See the following web pages for details:
http://transit.torrnet.com/PDF/Line-2_MAP.pdf
http://transit.torrnet.com/PDF/Line-2_Time_PDF.pdf
On the map, trip number 0 is the trip that is mapped in dotted line, the solid line maps the regular routing.
Sometimes 0 can be used on numbering the trips a route takes where it is considered the "Express Service" route.

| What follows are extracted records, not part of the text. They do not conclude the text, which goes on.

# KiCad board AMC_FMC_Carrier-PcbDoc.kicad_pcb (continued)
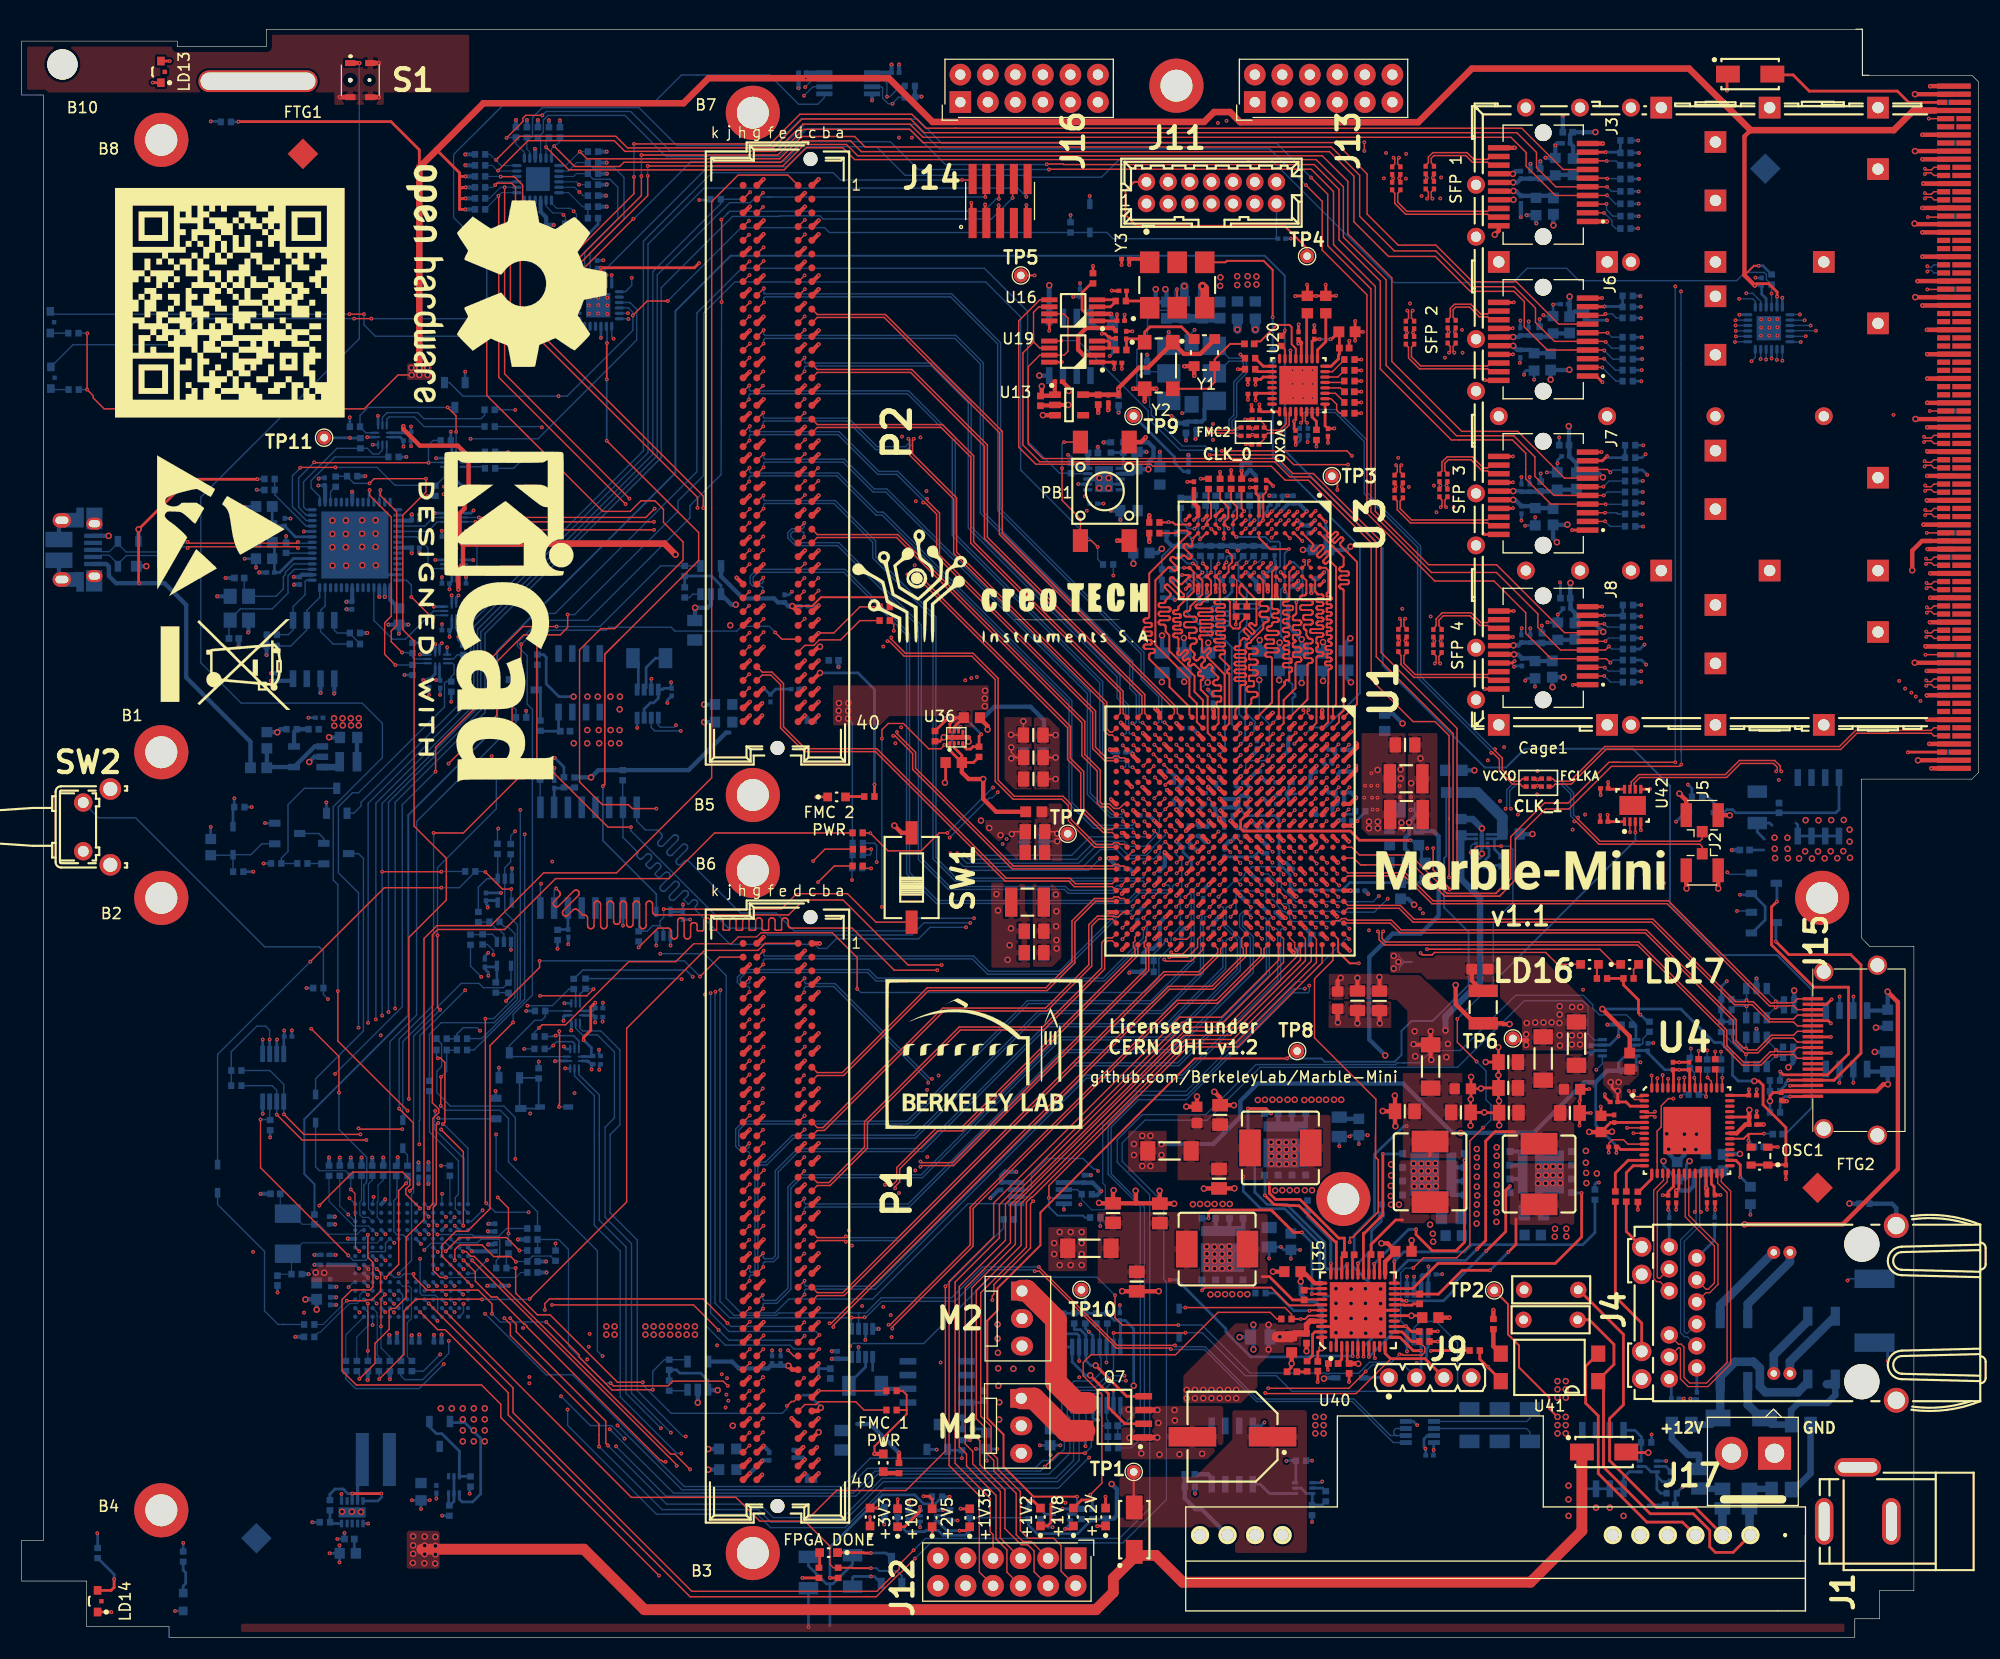
[diagram p0: board, top side]
## Routing (per net, layer and track width the routed paths; a pad name or vN(x,y) marks a point on that pad's centre or on a via; arc(x,y) is an arc through that point) (continued)
/FPGA/SFP1_DEF0: length 31.3
  Top w0.127: v1(146.35,134.71) 146.31,134.75 J3.6
  In2.Cu w0.127: v1(165.12,121.14) 165.12,123.58 159.41,129.3 151.99,129.3 149.23,132.06 148.17,132.06 146.67,133.56 146.67,134.39 v1(146.35,134.71)
  Bottom w0.127: v1(146.35,134.71) 147.52,134.71 R37.2 ; U34.3 163.22,121.14 v1(165.12,121.14)
/FPGA/SFP1_LOS: length 33.3
  Top w0.127: v1(146.3,136.33) 146.29,136.35 J3.8
  In2.Cu w0.127: v1(165.61,120.66) 165.61,123.94 159.92,129.63 153.67,129.63 146.96,136.33 v1(146.3,136.33)
  Bottom w0.127: v1(165.61,120.66) 163.24,120.66 U34.4 ; v1(146.3,136.33) 147.17,136.33 R38.2
/FPGA/SFP1_RS: length 110.2
  Top w0.127: 86.26,139.36 86.16,139.36 ; 86.26,139.36 138.46,139.36 142.27,135.55 J3.7 ; 86.26,139.36 83.46,139.36 82.17,140.65 71.83,140.65 69.09,137.91 v1(56.51,137.91) ; v1(50.19,126.99) 56.51,133.31 v1(56.51,134.86)
  Bottom w0.127: v1(50.19,126.99) 49.25,126.05 49.25,124.37 49.85,123.77 U39.17 ; v1(56.51,134.86) v1(56.51,137.91)
/FPGA/SFP1_TX_DIS: length 29.1
  Top w0.127: J3.3 146.26,132.35 v1(146.28,132.37)
  In2.Cu w0.127: v1(164.57,121.63) 164.57,123.58 159.18,128.97 151.05,128.97 149.13,130.89 147.76,130.89 v1(146.28,132.37)
  Bottom w0.127: v1(146.28,132.37) 146.28,131.84 146.87,131.24 R105.2 ; U34.2 163.23,121.63 v1(164.57,121.63)
/FPGA/SFP1_TX_FAULT: length 27.9
  Top w0.127: v1(146.05,131.53) 146.03,131.55 J3.2
  In2.Cu w0.127: v1(164.13,122.16) 164.13,123.48 159.1,128.51 150.62,128.51 149.55,129.58 147.4,129.58 146.68,130.29 146.68,130.9 v1(146.05,131.53)
  Bottom w0.127: U34.1 163.23,122.16 v1(164.13,122.16) ; v1(146.05,131.53) 146.22,131.36 146.26,131.36 146.79,130.83 146.79,130.44 147.13,130.1 R34.2
/FPGA/SFP2_DEF0: length 16.6
  Top w0.127: J6.6 146.36,120.47 v1(146.38,120.46)
  In2.Cu w0.127: v1(146.38,120.46) 146.66,120.74 157.78,120.74 v1(158.19,121.14)
  Bottom w0.127: 147.76,120.07 146.77,120.07 v1(146.38,120.46) ; v1(158.19,121.14) 158.19,121.14 U34.16
/FPGA/SFP2_LOS: length 17.3
  Top w0.127: J6.8 146.04,122.07 v1(146.18,122.21)
  In2.Cu w0.127: v1(146.18,122.21) 147.29,122.21 148.46,121.04 157.61,121.04 v1(158.19,121.63)
  Bottom w0.127: v1(158.19,121.63) 158.2,121.64 U34.17 ; 147.76,121.84 147.18,121.84 146.81,122.21 v1(146.18,122.21)
/FPGA/SFP2_RS: length 116.6
  Top w0.127: v1(57.2,134.94) 57.2,133.13 49.43,125.36 v1(49.43,123.25) ; J6.7 141.86,121.27 137.95,125.18 133.91,125.18 130.53,128.56 127.05,128.56 124.18,131.43 124.18,135.14 121.28,138.04 83.18,138.04 81.96,139.26 72.16,139.26 69.79,136.88 v1(57.2,136.88)
  Bottom w0.127: v1(49.43,123.25) 51.25,123.25 U39.16 ; v1(57.2,134.94) v1(57.2,136.88)
/FPGA/SFP2_TX_DIS: length 18
  Top w0.127: v1(146.05,118.07) 146.05,118.07 J6.3
  In2.Cu w0.127: v1(158.22,120.64) 157.99,120.41 151.44,120.41 149.1,118.07 v1(146.05,118.07)
  Bottom w0.127: v1(146.05,118.07) 147.1,117.02 147.76,117.02 ; U34.15 158.22,120.64 v1(158.22,120.64)
/FPGA/SFP2_TX_FAULT: length 18.4
  Top w0.127: v1(145.9,117.26) 145.88,117.27 J6.2
  In2.Cu w0.127: v1(145.9,117.26) 149.25,117.26 149.7,117.71 150.1,117.71 152.4,120 157.9,120 157.95,119.95 158.04,119.95 v1(158.22,120.13)
  Bottom w0.127: U34.14 158.23,120.14 v1(158.22,120.13) ; v1(145.9,117.26) 147.15,116 147.76,116
/FPGA/SFP3_DEF0: length 25
  Top w0.127: J7.6 145.99,106.25 v1(146,106.26)
  In2.Cu w0.127: v1(159.66,117.84) 158.04,116.22 154.56,116.22 152.98,114.64 152.98,111.85 147.39,106.26 v1(146,106.26)
  Bottom w0.127: U34.12 160.01,118.19 v1(159.66,117.84) ; v1(146,106.26) 146.52,106.78 R81.2
/FPGA/SFP3_LOS: length 24.3
  Top w0.127: J7.8 146.36,107.85 v1(146.63,107.58)
  In2.Cu w0.127: v1(158.14,119.62) 158.14,117.69 157.2,116.75 152.73,116.75 146.81,110.83 146.81,107.76 v1(146.63,107.58)
  Bottom w0.127: R82.2 146.85,107.8 v1(146.63,107.58) ; v1(158.14,119.62) 158.16,119.64 U34.13
/FPGA/SFP3_RS: length 125.5
  Top w0.127: v1(57.78,135.88) 70.26,135.88 72.24,137.86 76.12,137.86 77.16,136.82 120.04,136.82 122.4,134.45 122.4,129.6 126.47,125.54 126.47,117.82 132.92,111.37 138.09,111.37 142.41,107.05 J7.7 ; v1(49.8,122.82) 49.8,125.15 57.78,133.13 v1(57.78,134.96)
  Bottom w0.127: U39.15 49.86,122.77 v1(49.8,122.82) ; v1(57.78,134.96) v1(57.78,135.88)
/FPGA/SFP3_TX_DIS: length 27.3
  Top w0.127: J7.3 146.15,103.85 v1(146.15,103.85)
  In2.Cu w0.127: v1(160.5,118.05) 158.01,115.56 155.29,115.56 153.52,113.78 153.52,109.16 149.68,105.32 147.62,105.32 v1(146.15,103.85)
  Bottom w0.127: U34.11 160.51,118.06 v1(160.5,118.05) ; R84.2 147.33,103.73 147.22,103.85 v1(146.15,103.85)
/FPGA/SFP3_TX_FAULT: length 29.2
  Top w0.127: J7.2 146.14,103.05 v1(146.15,103.06)
  In2.Cu w0.127: v1(161.01,118) 160.98,118 157.89,114.9 155.57,114.9 154.15,113.47 154.15,107.38 149.83,103.06 v1(146.15,103.06)
  Bottom w0.127: U34.10 161.01,118 v1(161.01,118) ; R78.2 146.62,102.59 v1(146.15,103.06)
/FPGA/SFP4_DEF0: length 38.1
  Top w0.127: J8.6 146.17,91.98 v1(146.18,91.99)
  In2.Cu w0.127: v1(146.18,91.99) 147.22,93.03 147.22,98.84 148.49,100.11 149.17,100.11 155.37,106.31 156.36,106.31 158.75,108.7 158.75,113.47 162.51,117.23 v1(162.51,117.89)
  Bottom w0.127: R90.2 146.47,92.28 v1(146.18,91.99) ; U34.7 162.51,117.9 v1(162.51,117.89)
/FPGA/SFP4_LOS: length 36.4
  Top w0.127: J8.8 146.06,93.58 v1(146.07,93.59)
  In2.Cu w0.127: v1(162,117.97) 162,117.36 158.34,113.7 158.34,109 156.08,106.74 154.94,106.74 148.69,100.49 148.06,100.49 146.71,99.15 146.71,94.22 v1(146.07,93.59)
  Bottom w0.127: v1(162,117.97) 162.01,117.98 U34.8 ; v1(146.07,93.59) 146.37,93.29 R186.2
/FPGA/SFP4_RS: length 137.3
  Top w0.127: v1(56.46,131) 50.13,124.67 50.13,124.09 50.17,124.06 v1(50.17,122.29) ; J8.7 142.41,92.78 136.14,99.05 129.87,99.05 124.94,103.97 124.94,124.75 121.08,128.61 121.08,133.51 119.02,135.57 94.84,135.57 v1(94.82,135.55)
  Bottom w0.127: v1(56.46,131) 56.51,131 61.8,136.28 70.38,136.28 72.21,138.11 80.19,138.11 82.75,135.55 v1(94.82,135.55) ; U39.14 50.19,122.27 v1(50.17,122.29)
/FPGA/SFP4_TX_DIS: length 43.3
  Top w0.127: v1(146.13,89.55) 146.1,89.58 J8.3
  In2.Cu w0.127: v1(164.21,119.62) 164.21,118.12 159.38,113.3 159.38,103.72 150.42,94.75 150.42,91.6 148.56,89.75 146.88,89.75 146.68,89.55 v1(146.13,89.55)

why not make an exception for this
case?
Because:
as others said, it's not that easy;)
there's no application for defining 0/0 - adding exception would complicate mathematics for no gains.
This is what I'd do:
function div(a, b) {
if(b === 0 && a !== 0) {
return undefined;
}
if(b === 0 && a === 0) {
return Math.random;
}
return a/b;
}
When you type in zero divided by zero, there's an error because whatever you multiply zero from will be zero so it could be any number.
As Andrzej Doyle said:
Anything dived by zero is infinity. 0/0 is also infinity. You can't get 0/0 = 1. That's the basic principle of maths. That's how the whole world goes round. But you can sure edit a program to say "0/0 is not possible" or "Cannot divide by zero" as they say in cell phones.